Reshoring Scenario Evaluation: How to Simulate Impacts on Tariffs and Operations
Do you want to technically compare reshoring scenarios? We’ll show you how to use flexible models to analyze costs, tariffs, and lead times in the supply chain.
What is reshoring and why is it back at the center of logistics strategy?
Reshoring is the process of bringing back production activities that were previously offshored to the country of origin or nearby regions. This strategy has gained prominence in recent years due to geopolitical factors, disruptions in global supply chains, rising costs in Asia, and the need for greater resilience and control over production.
For decades, many companies moved operations to countries with lower labor costs. However, events like the pandemic, rising tariffs, logistics delays, and volatility in global markets have led many to reconsider those decisions. Today, reshoring is emerging as a viable alternative to improve time-to-market, reduce external dependency, and strengthen the connection with end customers.
Key variables affected by reshoring
The decision to relocate production operations involves evaluating multiple strategic, financial, and operational variables. Each of them directly impacts business results and should be carefully simulated before implementing changes.
Labor costs, tariffs, and duties
One of the main drivers of offshoring was the reduction in labor costs. In a reshoring process, this component tends to increase but can be offset by reduced tariffs, import duties, and international logistics costs.
In addition, changes in trade agreements, protectionist policies, or government incentives can significantly alter the economic balance of the process. Modeling these impacts across different scenarios is crucial for making well-founded decisions.

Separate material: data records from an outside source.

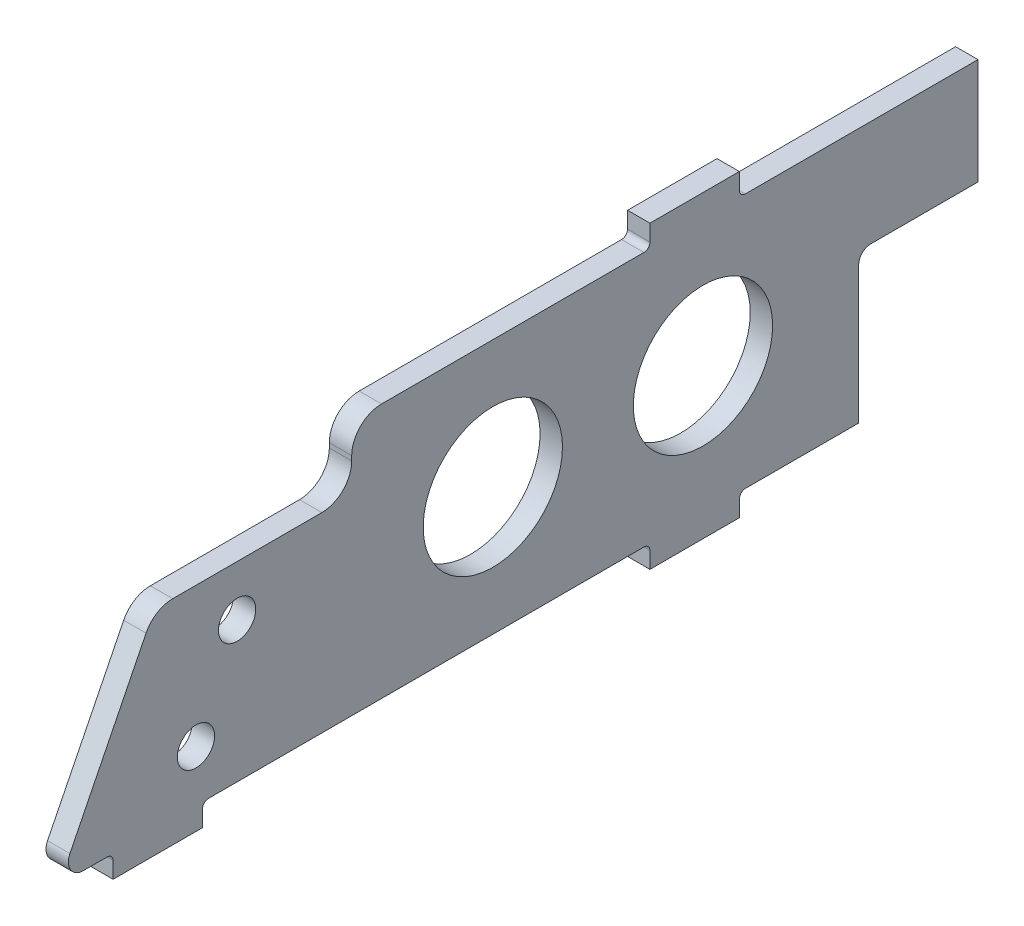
ISO-10303-21;
HEADER;
FILE_DESCRIPTION(('STEP AP214'),'2;1');
FILE_NAME('part.step','',(''),(''),'','','');
FILE_SCHEMA(('AUTOMOTIVE_DESIGN { 1 0 10303 214 1 1 1 1 }'));
ENDSEC;
DATA;
#1=APPLICATION_CONTEXT('core data for automotive mechanical design processes');
#2=APPLICATION_PROTOCOL_DEFINITION('international standard','automotive_design',2000,#1);
#3=PRODUCT_CONTEXT('',#1,'mechanical');
#4=PRODUCT('Part','Part','',(#3));
#5=PRODUCT_RELATED_PRODUCT_CATEGORY('part','',(#4));
#6=PRODUCT_DEFINITION_FORMATION('','',#4);
#7=PRODUCT_DEFINITION_CONTEXT('part definition',#1,'design');
#8=PRODUCT_DEFINITION('design','',#6,#7);
#9=PRODUCT_DEFINITION_SHAPE('','',#8);
#10=(LENGTH_UNIT() NAMED_UNIT(*) SI_UNIT(.MILLI.,.METRE.));
#11=(NAMED_UNIT(*) PLANE_ANGLE_UNIT() SI_UNIT($,.RADIAN.));
#12=(NAMED_UNIT(*) SI_UNIT($,.STERADIAN.) SOLID_ANGLE_UNIT());
#13=UNCERTAINTY_MEASURE_WITH_UNIT(LENGTH_MEASURE(1.E-05),#10,'distance_accuracy_value','');
#14=(GEOMETRIC_REPRESENTATION_CONTEXT(3) GLOBAL_UNCERTAINTY_ASSIGNED_CONTEXT((#13)) GLOBAL_UNIT_ASSIGNED_CONTEXT((#10,
#11,#12)) REPRESENTATION_CONTEXT('',''));
#15=CARTESIAN_POINT('',(0.,0.,0.));
#16=DIRECTION('',(0.,0.,1.));
#17=DIRECTION('',(1.,0.,0.));
#18=AXIS2_PLACEMENT_3D('',#15,#16,#17);
#19=CARTESIAN_POINT('',(-11.3665,237.813515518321,127.));
#20=DIRECTION('',(0.,-1.,0.));
#21=DIRECTION('',(1.,0.,0.));
#22=AXIS2_PLACEMENT_3D('',#19,#20,#21);
#23=PLANE('',#22);
#24=DIRECTION('',(0.,0.,-1.));
#25=VECTOR('',#24,1.);
#26=CARTESIAN_POINT('',(-6.60399999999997,237.813515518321,127.));
#27=LINE('',#26,#25);
#28=CARTESIAN_POINT('',(-6.60399999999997,237.813515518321,127.));
#29=VERTEX_POINT('',#28);
#30=CARTESIAN_POINT('',(-6.60399999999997,237.813515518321,71.12));
#31=VERTEX_POINT('',#30);
#32=EDGE_CURVE('E316',#29,#31,#27,.T.);
#33=ORIENTED_EDGE('',*,*,#32,.T.);
#34=DIRECTION('',(1.,0.,0.));
#35=VECTOR('',#34,1.);
#36=CARTESIAN_POINT('',(-11.3665,237.813515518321,71.12));
#37=LINE('',#36,#35);
#38=CARTESIAN_POINT('',(-11.3665,237.813515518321,71.12));
#39=VERTEX_POINT('',#38);
#40=EDGE_CURVE('E427',#31,#39,#37,.F.);
#41=ORIENTED_EDGE('',*,*,#40,.T.);
#42=DIRECTION('',(0.,0.,-1.));
#43=VECTOR('',#42,1.);
#44=CARTESIAN_POINT('',(-11.3665,237.813515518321,127.));
#45=LINE('',#44,#43);
#46=CARTESIAN_POINT('',(-11.3665,237.813515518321,127.));
#47=VERTEX_POINT('',#46);
#48=EDGE_CURVE('E334',#47,#39,#45,.T.);
#49=ORIENTED_EDGE('',*,*,#48,.F.);
#50=DIRECTION('',(1.,0.,0.));
#51=VECTOR('',#50,1.);
#52=CARTESIAN_POINT('',(-11.3665,237.813515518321,127.));
#53=LINE('',#52,#51);
#54=EDGE_CURVE('E361',#47,#29,#53,.T.);
#55=ORIENTED_EDGE('',*,*,#54,.T.);
#56=EDGE_LOOP('',(#33,#41,#49,#55));
#57=FACE_BOUND('',#56,.T.);
#58=ADVANCED_FACE('F32',(#57),#23,.F.);
#59=CARTESIAN_POINT('',(-11.3665,183.496598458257,345.417575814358));
#60=DIRECTION('',(0.,1.,0.));
#61=DIRECTION('',(0.,0.,1.));
#62=AXIS2_PLACEMENT_3D('',#59,#60,#61);
#63=PLANE('',#62);
#64=DIRECTION('',(0.,0.,-1.));
#65=VECTOR('',#64,1.);
#66=CARTESIAN_POINT('',(-11.3665,183.496598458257,345.417575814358));
#67=LINE('',#66,#65);
#68=CARTESIAN_POINT('',(-11.3665,183.496598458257,163.83));
#69=VERTEX_POINT('',#68);
#70=CARTESIAN_POINT('',(-11.3665,183.496598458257,71.12));
#71=VERTEX_POINT('',#70);
#72=EDGE_CURVE('E416',#69,#71,#67,.T.);
#73=ORIENTED_EDGE('',*,*,#72,.T.);
#74=DIRECTION('',(1.,0.,0.));
#75=VECTOR('',#74,1.);
#76=CARTESIAN_POINT('',(-11.3665,183.496598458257,71.12));
#77=LINE('',#76,#75);
#78=CARTESIAN_POINT('',(-6.60399999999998,183.496598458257,71.12));
#79=VERTEX_POINT('',#78);
#80=EDGE_CURVE('E431',#71,#79,#77,.T.);
#81=ORIENTED_EDGE('',*,*,#80,.T.);
#82=DIRECTION('',(0.,0.,-1.));
#83=VECTOR('',#82,1.);
#84=CARTESIAN_POINT('',(-6.60399999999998,183.496598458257,345.417575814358));
#85=LINE('',#84,#83);
#86=CARTESIAN_POINT('',(-6.60399999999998,183.496598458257,163.83));
#87=VERTEX_POINT('',#86);
#88=EDGE_CURVE('E420',#87,#79,#85,.T.);
#89=ORIENTED_EDGE('',*,*,#88,.F.);
#90=DIRECTION('',(1.,0.,0.));
#91=VECTOR('',#90,1.);
#92=CARTESIAN_POINT('',(-11.3665,183.496598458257,163.83));
#93=LINE('',#92,#91);
#94=EDGE_CURVE('E429',#87,#69,#93,.F.);
#95=ORIENTED_EDGE('',*,*,#94,.T.);
#96=EDGE_LOOP('',(#73,#81,#89,#95));
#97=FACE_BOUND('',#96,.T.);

Lead times and operational flexibility
Relocating production closer to the final market can reduce lead times from weeks to days, enabling faster responses to demand changes. Operational flexibility improves, allowing for shorter production cycles and less inventory.
This agility can become a decisive competitive advantage in industries where customization, seasonality, or speed are critical.
Local infrastructure and production capacity
Not all countries have the same industrial or technological infrastructure. The local ability to absorb production processes, access quality suppliers, and attract technical talent are key factors.
Reshoring scenario evaluation must consider these structural limitations or advantages, which influence both costs and the scalability of the operating model.
How to evaluate reshoring scenarios using flexible models
The complexity of these decisions requires tools that allow comparison of multiple possible configurations, considering dynamic variables and real business constraints.
Discrete event simulation
Discrete event simulation allows for detailed representation of a logistical or industrial operation, including times, resources, queues, material flows, and state changes.
This technique is particularly useful for assessing how reshoring would impact a plant, warehouse, or distribution network, measuring effects on time, costs, productivity, and bottlenecks. Different layouts, shifts, technologies, or demand scenarios can be tested.
Optimization models under multiple constraints
In addition to simulating operations, optimization models help find the most efficient configuration among many possible scenarios, considering capacity, cost, demand, and regulatory constraints.
Applied to reshoring, these models help determine which volumes to relocate, which plants to use, how to supply each region, and which logistics routes to optimize. They can be combined with advanced heuristics for large-scale problems.
Risk and sensitivity evaluation
A proper reshoring scenario evaluation goes beyond average results to include variability and risk associated with different decisions. Sensitivity analysis, Monte Carlo simulations, or pessimistic/optimistic scenarios help understand system behavior under unexpected changes.
This perspective is key to avoiding investments that are only profitable under ideal conditions and to designing resilient supply chains.
Comparison with offshoring and nearshoring scenarios
To justify a reshoring process, it is essential to compare all possible scenarios: continuing offshoring, moving operations to nearby countries (nearshoring), or fully relocating back home.
Decision matrices based on quantifiable outputs
Using decision matrices that compare quantifiable variables such as logistics costs, initial investment, delivery times, expected quality, political risk, and scalability helps make strategic decisions on solid grounds.
These visual tools incorporate multiple dimensions into the analysis and present results clearly for executive decision-making.
Practical cases in industrial companies
Several industrial companies across Latin America, Europe, and the U.S. have started using simulation and optimization tools to evaluate reshoring projects. Some typical cases include:
- Automotive industry: Simulation of supply chains with distributed production in Mexico, the U.S., and China to assess total costs and delivery times.
- Pharmaceutical companies: Risk analysis to relocate critical processes and reduce dependency on active ingredients from Asia.
- Appliance manufacturers: Optimization of local assembly lines versus direct imports from Asia.
These cases show there is no one-size-fits-all answer: the key lies in having adaptable models tailored to each company’s specific conditions.
When is reshoring truly profitable?
Reshoring becomes profitable when the benefits in time, control, quality, and flexibility outweigh increased labor or operational costs. It is also worthwhile when it helps reduce systemic risks, meet local regulations, or better serve the end customer.
However, each case must be analyzed individually. Simulation and optimization tools allow for a technical, quantified analysis aligned with each organization’s strategic goals.